Badass women: 9 March 2017
Malaysian runner Zaidatul Husniah Zulkifli, activist Li Maizi, 5-year-old Wang Anna, actress Janelle MonŠe and the Cheer Mommy squad are gamechangers
Zaidatul Husniah Zulkifli
Meet Zaidatul, the fastest woman in Malaysia. This morning, at the ASA Speed Series 2 meet in South Africa, the 23-year-old set the new national women's 100m record time of 11.45 seconds (watch the video and be blown away by her speed!). Previously, the women's record was 11.50 seconds, set by former champion sprinter G. Shanti 24 years ago. According to New Straits Times, Zaidatul had previously broken the record on Saturday when she clocked a time of 11.36 seconds but was denied the record due to a strong tailwind. However, this time, she's definitely etched her name in the history books – national sprint coach Zainal Abas confirmed the new 11.45-second record. Zaidatul also ran at the 2016 Rio de Janeiro Olympics on a wildcard entry and will be the one to watch at the upcoming Kuala Lumpur Sea Games. Congratulations, Zaidatul!

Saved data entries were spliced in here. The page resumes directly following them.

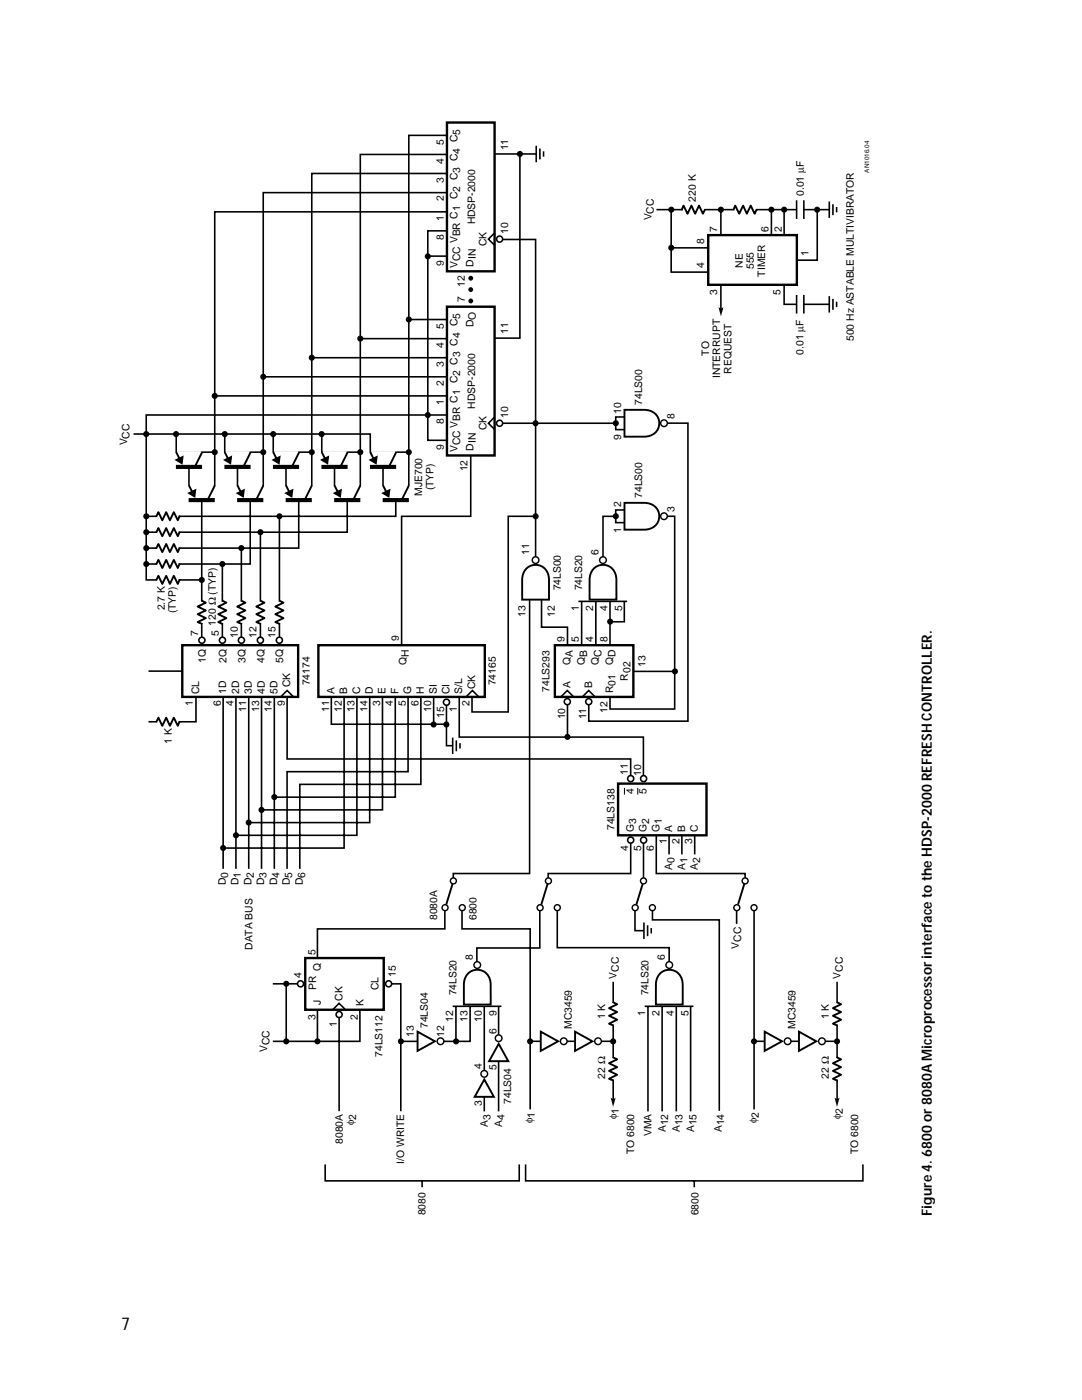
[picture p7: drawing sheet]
<svg xmlns="http://www.w3.org/2000/svg" width="216mm" height="279mm" viewBox="0 0 216 279" stroke-linecap="round" stroke-linejoin="round" font-family="sans-serif">
<g fill="none" stroke="#000" stroke-width=".32">
<path d="M85.4 51.1h3.7M89.1 42.3h-46.3v54.5h-5.1v-3.4M143.8 41.8v20M156.5 41.8v18.9h9M35.2 86.6v3.6h7.6M89.2 82.8h-60v32.9h11M99.7 84.5h23.2M122.9 103h-2.6v8.8M124.6 101.8h-1.7v2.5h1.7M54.4 196.3h5.8M77.4 196.3h2.6v25.5M88.8 181.2v4.2h-25.5v22.4"/>
<path d="M92.2 181.2v4.2h13.6v36M107.7 181.1v8.1h-12.5v3.4M111.2 181.1v8h22.3v3.3M126.7 181.1v4.6h1.8M130.2 181.1v2.5h13.3v38.1M147 181.1v3.3M150.5 181.1v40.3M67.7 202.4v19.4M71.8 200.8v7h-17.4"/>
</g>
<g fill="#fff" stroke="#000" stroke-width=".48">
<path d="M36.4 128.8h23.1v10.3h-23.1z"/>
<path d="M89.2 61.2h9.5v29.7h-9.5z"/>
<path d="M63.5 128.8h33.2v10.3h-33.2z"/>
</g>
<g fill="none" stroke="#000" stroke-width=".32">
<path d="M40.3 100v28.2M93.9 90.8v12.2h-13.8v25.8M44.4 112.6v15.6M48.2 109.4v17.9M52 106.2v22M55.8 103v25.2M106.9 103h-5.5v39.1h-7.2v-3.1M39.1 139v5h-9.5M44.5 139v34.4M47.1 139v34.4M49.6 139v34.4M52.2 139v34.4"/>
<path d="M54.7 139v34.4M57.3 139v12.5h68.5v3.9M58.5 139l-1.2-1.2-1.3 1.2M66.1 139v5.5h22.9M68.7 139v30.2h-24.1M71.2 139v27.7h-24M73.8 139v25.2h-24.1M76.3 139v22.6h-24.2M78.9 139v20.1h-24M81.4 139v15h-24.1v19.4M84 139v17.5h-24.2v16.9M86.5 139v5.4"/>
<path d="M91.6 139v8.1h36.8v8M95.4 139l-1.1-1.2-1.3 1.2M89.1 140.4v8.4h1.2"/>
</g>
<g fill="#fff" stroke="#000" stroke-width=".32">
<circle cx="55.7" cy="127.8" r=".61"/>
<circle cx="89.1" cy="140.1" r=".61"/>
<circle cx="52" cy="127.8" r=".61"/>
<circle cx="48.2" cy="127.8" r=".61"/>
<circle cx="44.4" cy="127.8" r=".61"/>
<circle cx="40.3" cy="127.8" r=".61"/>
</g>
<path d="M40.3 120v4.4M44.4 120v4.4M48.2 120v4.4M52 120v4.4M55.7 120v4.4" fill="none" stroke="#fff" stroke-width=".63" stroke-linecap="butt"/>
<path d="M40.2 119.8l.9 .5-1.7 .8 1.7 .7-1.7 .8 1.7 .8-1.7 .7 1 .4M44.3 119.8l.9 .5-1.7 .8 1.7 .7-1.7 .8 1.7 .8-1.7 .7 1 .4M48.1 119.8l.9 .5-1.7 .8 1.7 .7-1.7 .8 1.7 .8-1.7 .7 1 .4M51.9 119.8l.9 .5-1.7 .8 1.7 .7-1.7 .8 1.7 .8-1.7 .7 1 .4M55.7 119.8l.9 .5-1.7 .8 1.7 .7-1.7 .8 1.7 .8-1.7 .8 1 .3" fill="none" stroke="#000" stroke-width=".38"/>
<path d="M110.7 128.8h15.7v10.3h-15.7z" fill="#fff" stroke="#000" stroke-width=".48"/>
<path d="M132.5 84.4h4.8v59.5h-19.8v-3.7M105.7 119.7v54.6h-15.2v1.5M108.1 119.7v5.5h5.1v3.5M116.1 120v8.7M118.9 120v8.7M121.7 120v8.7M132.6 103h2v38.5h-12.9v-2.5M124.6 120.1v4h-2.9M113.2 140.2v6.8" fill="none" stroke="#000" stroke-width=".32"/>
<path d="M123.3 156.4h17.7v10.3h-17.7z" fill="#fff" stroke="#000" stroke-width=".48"/>
<path d="M125.8 167.8v6.5h-16.4v1.5M128.4 167.8v8M131 166.6v7.7h17.7v1.5M133.5 166.6v3.9M136.1 166.6v3.9M138.6 166.6v3.9" fill="none" stroke="#000" stroke-width=".32"/>
<g fill="#fff" stroke="#000" stroke-width=".32">
<circle cx="125.8" cy="155.4" r=".61"/>
<circle cx="128.4" cy="155.4" r=".61"/>
<circle cx="125.8" cy="167.7" r=".61"/>
<circle cx="128.4" cy="167.7" r=".61"/>
</g>
<g fill="#000">
<circle cx="106.9" cy="103" r=".61"/>
<circle cx="54.7" cy="159.1" r=".61"/>
<circle cx="86.5" cy="144.6" r=".61"/>
<circle cx="89.1" cy="144.6" r=".61"/>
<circle cx="113.2" cy="147.1" r=".61"/>
<circle cx="44.5" cy="169.2" r=".61"/>
<circle cx="47.1" cy="166.7" r=".61"/>
<circle cx="49.6" cy="164.2" r=".61"/>
<circle cx="52.2" cy="161.6" r=".61"/>
</g>
<path d="M90.3 148.8h1.7" fill="none" stroke="#fff" stroke-width=".87" stroke-linecap="butt"/>
<path d="M114.4 139l-1.2-1.2-1.3 1.2M90.3 147.2v3.3M91.1 147.8v2.1M91.8 148.3v1.1" fill="none" stroke="#000" stroke-width=".32"/>
<circle cx="113.2" cy="140" r=".61" fill="#fff" stroke="#000" stroke-width=".32"/>
<path d="M98.6 83.3l-1.1 1.2 1.2 1.2" fill="none" stroke="#000" stroke-width=".32"/>
<circle cx="99.7" cy="84.5" r=".61" fill="#fff" stroke="#000" stroke-width=".32"/>
<path d="M118.7 139l-1.2-1.2-1.3 1.2" fill="none" stroke="#000" stroke-width=".32"/>
<circle cx="117.5" cy="140" r=".61" fill="#fff" stroke="#000" stroke-width=".32"/>
<path d="M126.4 134h8.3" fill="none" stroke="#000" stroke-width=".32"/>
<path d="M60.9 191.2h15.7v10.3h-15.7z" fill="#fff" stroke="#000" stroke-width=".48"/>
<path d="M68.9 201.4l-1.2-1.2-1.3 1.3" fill="none" stroke="#000" stroke-width=".32"/>
<g fill="#fff" stroke="#000" stroke-width=".32">
<circle cx="67.7" cy="202.5" r=".61"/>
<circle cx="60" cy="196.3" r=".61"/>
<circle cx="77.5" cy="196.3" r=".61"/>
</g>
<path d="M115.4 120h9.7M167 195.9v23.6" fill="none" stroke="#000" stroke-width=".32"/>
<g fill="#000">
<circle cx="122.9" cy="103" r=".61"/>
<circle cx="121.7" cy="124.1" r=".61"/>
<circle cx="134.7" cy="134" r=".61"/>
<circle cx="150.5" cy="207.8" r=".61"/>
<circle cx="167" cy="207.8" r=".61"/>
</g>
<path d="M120.3 111.6v1.9" fill="none" stroke="#fff" stroke-width=".63" stroke-linecap="butt"/>
<circle cx="120.3" cy="111.8" r=".66" fill="#fff" stroke="#000" stroke-width=".29"/>
<path d="M118.6 113.4a2.68 2.68 0 0 1 3-.4 2.68 2.68 0 0 1 1.4 2.7v4h-5.4v-4a3.1 3.1 0 0 1 1-2.3z" fill="#fff" stroke="#000" stroke-width=".38"/>
<path d="M128.6 200.8h9.8M129.3 200.8v21M132.1 200.8v21M134.9 200.8v21M137.8 200.9v20.9" fill="none" stroke="#000" stroke-width=".32"/>
<path d="M133.6 192.4v1.9" fill="none" stroke="#fff" stroke-width=".63" stroke-linecap="butt"/>
<circle cx="133.5" cy="192.6" r=".66" fill="#fff" stroke="#000" stroke-width=".29"/>
<path d="M131.8 194.2a2.68 2.68 0 0 1 3-.3 2.68 2.68 0 0 1 1.4 2.6v4h-5.3v-4a3.1 3.1 0 0 1 .9-2.3z" fill="#fff" stroke="#000" stroke-width=".38"/>
<path d="M90.3 200.8h9.8M91 200.8v7M93.8 200.8v7h-13.9M96.6 200.8v21M99.5 200.9v20.9" fill="none" stroke="#000" stroke-width=".32"/>
<path d="M95.2 192.4v1.9" fill="none" stroke="#fff" stroke-width=".63" stroke-linecap="butt"/>
<circle cx="95.2" cy="192.6" r=".66" fill="#fff" stroke="#000" stroke-width=".29"/>
<path d="M93.5 194.2a2.68 2.68 0 0 1 3-.3 2.68 2.68 0 0 1 1.4 2.6v4h-5.3v-4a3.1 3.1 0 0 1 .9-2.3z" fill="#fff" stroke="#000" stroke-width=".38"/>
<path d="M99.7 47.8h7.2v64" fill="none" stroke="#000" stroke-width=".32"/>
<path d="M106.9 111.6v1.9" fill="none" stroke="#fff" stroke-width=".63" stroke-linecap="butt"/>
<circle cx="106.9" cy="111.8" r=".66" fill="#fff" stroke="#000" stroke-width=".29"/>
<path d="M105.1 113.4a2.68 2.68 0 0 1 3-.4 2.68 2.68 0 0 1 1.4 2.7v4h-5.3v-4a3.1 3.1 0 0 1 .9-2.3z" fill="#fff" stroke="#000" stroke-width=".38"/>
<path d="M130.8 103h1.9" fill="none" stroke="#fff" stroke-width=".63" stroke-linecap="butt"/>
<circle cx="132.5" cy="103" r=".67" fill="#fff" stroke="#000" stroke-width=".29"/>
<path d="M124.6 100.4h4a2.69 2.69 0 0 1 2.9 2.6 2.69 2.69 0 0 1-2.9 2.7h-4z" fill="#fff" stroke="#000" stroke-width=".38"/>
<path d="M124.6 83.2h-1.7v2.5h1.7" fill="none" stroke="#000" stroke-width=".32"/>
<g fill="#000">
<circle cx="133.9" cy="49.4" r=".61"/>
<circle cx="133.9" cy="41.8" r=".61"/>
<circle cx="143.8" cy="41.8" r=".61"/>
<circle cx="153.9" cy="41.8" r=".61"/>
<circle cx="156.5" cy="41.8" r=".61"/>
<circle cx="163.1" cy="41.8" r=".61"/>
<circle cx="122.9" cy="84.5" r=".61"/>
</g>
<path d="M130.8 84.5h1.9" fill="none" stroke="#fff" stroke-width=".63" stroke-linecap="butt"/>
<circle cx="132.5" cy="84.5" r=".66" fill="#fff" stroke="#000" stroke-width=".29"/>
<path d="M124.6 81.8h4a2.69 2.69 0 0 1 2.9 2.7 2.69 2.69 0 0 1-2.9 2.6h-4z" fill="#fff" stroke="#000" stroke-width=".38"/>
<g fill="none" stroke="#fff" stroke-width=".63" stroke-linecap="butt">
<path d="M35.3 90.4h4.8M37.9 96.8h4.8M45 90.4h4.8M47.6 96.8h4.8M54.7 90.4h4.8M57.2 96.8h4.8M64.4 90.4h4.8M66.9 96.8h4.8M31.3 115.7h4.4M31.3 112.5h4.4M31.3 109.4h4.4M31.3 106.2h4.4"/>
<path d="M31.3 103h4.4M31.3 144h4.4"/>
</g>
<g fill="none" stroke="#000" stroke-width=".38">
<path d="M35.2 90.3l1 2.1M37.7 96.9l1.1 2.1M40.3 90.3l-1.3 2.6M42.8 96.9l-1.3 2.7M44.9 90.3l1 2.1M47.4 96.9l1.1 2.1M50 90.3l-1.3 2.6M52.5 96.9l-1.3 2.7M54.5 90.3l1.1 2.1M57.1 96.9l1 2.1M59.7 90.3l-1.3 2.6M62.2 96.9l-1.3 2.7"/>
<path d="M64.2 90.3l1.1 2.1M66.8 96.9l1 2.1M69.3 90.3l-1.3 2.6M71.9 96.9l-1.3 2.7M35.9 115.6l-.4 .9-.8-1.6-.8 1.6-.7-1.6-.8 1.6-.8-1.6-.4 .9M35.9 112.4l-.4 1-.8-1.7-.8 1.7-.7-1.7-.8 1.7-.8-1.7-.4 .9M35.9 109.3l-.4 .9-.8-1.6-.8 1.6-.7-1.6-.8 1.6-.8-1.6-.4 .8M35.9 106.1l-.4 .9-.8-1.6-.8 1.6-.7-1.6-.8 1.6-.8-1.6-.4 .9M35.9 102.9l-.4 .9-.8-1.6-.8 1.6-.7-1.6-.8 1.6-.8-1.6-.4 .9M35.9 143.9l-.4 1-.8-1.7-.8 1.7-.7-1.7-.8 1.7-.8-1.7-.4 .9"/>
</g>
<g fill="none" stroke="#000" stroke-width=".32">
<path d="M89.1 38.4h-36.6v58.4h-5.1v-3.4M89.2 34.6h-27v62.2h-5.1v-3.4M89.2 30.8h-17.3v66h-5.2v-3.4M89.2 27h-7.6v69.8h-5.2v-3.4M103.7 30.8v36.7h-5M89.2 46.1h-3.8v41.8h3.7M42.9 79h46.3M52.5 75.2h36.7M62.2 71.4h27M71.9 67.6h17.3M81.6 63.8h7.6M44.8 86.6v3.6h7.7"/>
<path d="M54.5 86.6v3.6h7.7M64.2 86.6v3.6h7.7M49.9 100.2v12.4h-20.7M59.6 100v9.4h-30.4M69.3 100v6.2h-40.1M79 100v3h-49.8M29.6 133.9h6.8"/>
</g>
<g fill="#000">
<circle cx="42.8" cy="79" r=".61"/>
<circle cx="52.5" cy="75.2" r=".61"/>
<circle cx="62.2" cy="71.4" r=".61"/>
<circle cx="71.9" cy="67.6" r=".61"/>
<circle cx="29.2" cy="86.6" r=".61"/>
<circle cx="35.1" cy="86.6" r=".61"/>
<circle cx="42.8" cy="90.2" r=".61"/>
<circle cx="44.9" cy="86.6" r=".61"/>
<circle cx="52.5" cy="90.2" r=".61"/>
<circle cx="54.5" cy="86.6" r=".61"/>
<circle cx="62.2" cy="90.2" r=".61"/>
<circle cx="64.2" cy="86.6" r=".61"/>
<circle cx="71.9" cy="90.2" r=".61"/>
<circle cx="29.2" cy="112.6" r=".61"/>
<circle cx="29.2" cy="109.4" r=".61"/>
<circle cx="29.2" cy="106.2" r=".61"/>
<circle cx="29.2" cy="103" r=".61"/>
<circle cx="40.3" cy="115.7" r=".61"/>
<circle cx="44.4" cy="112.6" r=".61"/>
<circle cx="48.2" cy="109.4" r=".61"/>
<circle cx="52" cy="106.2" r=".61"/>
<circle cx="55.8" cy="103" r=".61"/>
</g>
<path d="M37.7 91.5v1.4M40.2 98.1v1.5M47.4 91.5v1.4M49.9 98.1v1.5M57.1 91.5v1.4M59.6 98.1v1.5M66.8 91.5v1.4M69.3 98.1v1.5" fill="none" stroke="#fff" stroke-width=".44"/>
<path d="M35.3 93h4.8v.4h-4.8zM47.5 99.6h4.9v.4h-4.9zM45 93h4.8v.4h-4.8zM54.7 93h4.8v.4h-4.8zM66.9 99.6h4.8v.4h-4.8zM64.3 93h4.9v.4h-4.9zM37.8 99.6h4.9v.4h-4.9zM57.2 99.6h4.8v.4h-4.8z" fill="#000" stroke="#000" stroke-width=".38"/>
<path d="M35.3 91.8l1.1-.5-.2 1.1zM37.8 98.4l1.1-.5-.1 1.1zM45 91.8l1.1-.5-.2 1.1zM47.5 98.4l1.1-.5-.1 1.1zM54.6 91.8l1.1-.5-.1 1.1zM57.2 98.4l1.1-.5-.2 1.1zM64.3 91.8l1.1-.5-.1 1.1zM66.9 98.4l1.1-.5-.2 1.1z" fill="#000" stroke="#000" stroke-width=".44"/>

Maizi was part of a female activists group handing out stickers on the Beijing subway, in an effort to raise sexual harassment awareness – a noble action that got her and four other activists arrested. Feminists in China took to the streets to protest this detention and their arrest also sparked an international campaign, 'Free the Five'. After being held in a detention center for 37 days, upon her release, Maizi chose to continue fighting for women's rights. In conjunction with International Women's Day, she penned an article on the state of feminism in China – "What I do is for the rights of women all over the world," she wrote.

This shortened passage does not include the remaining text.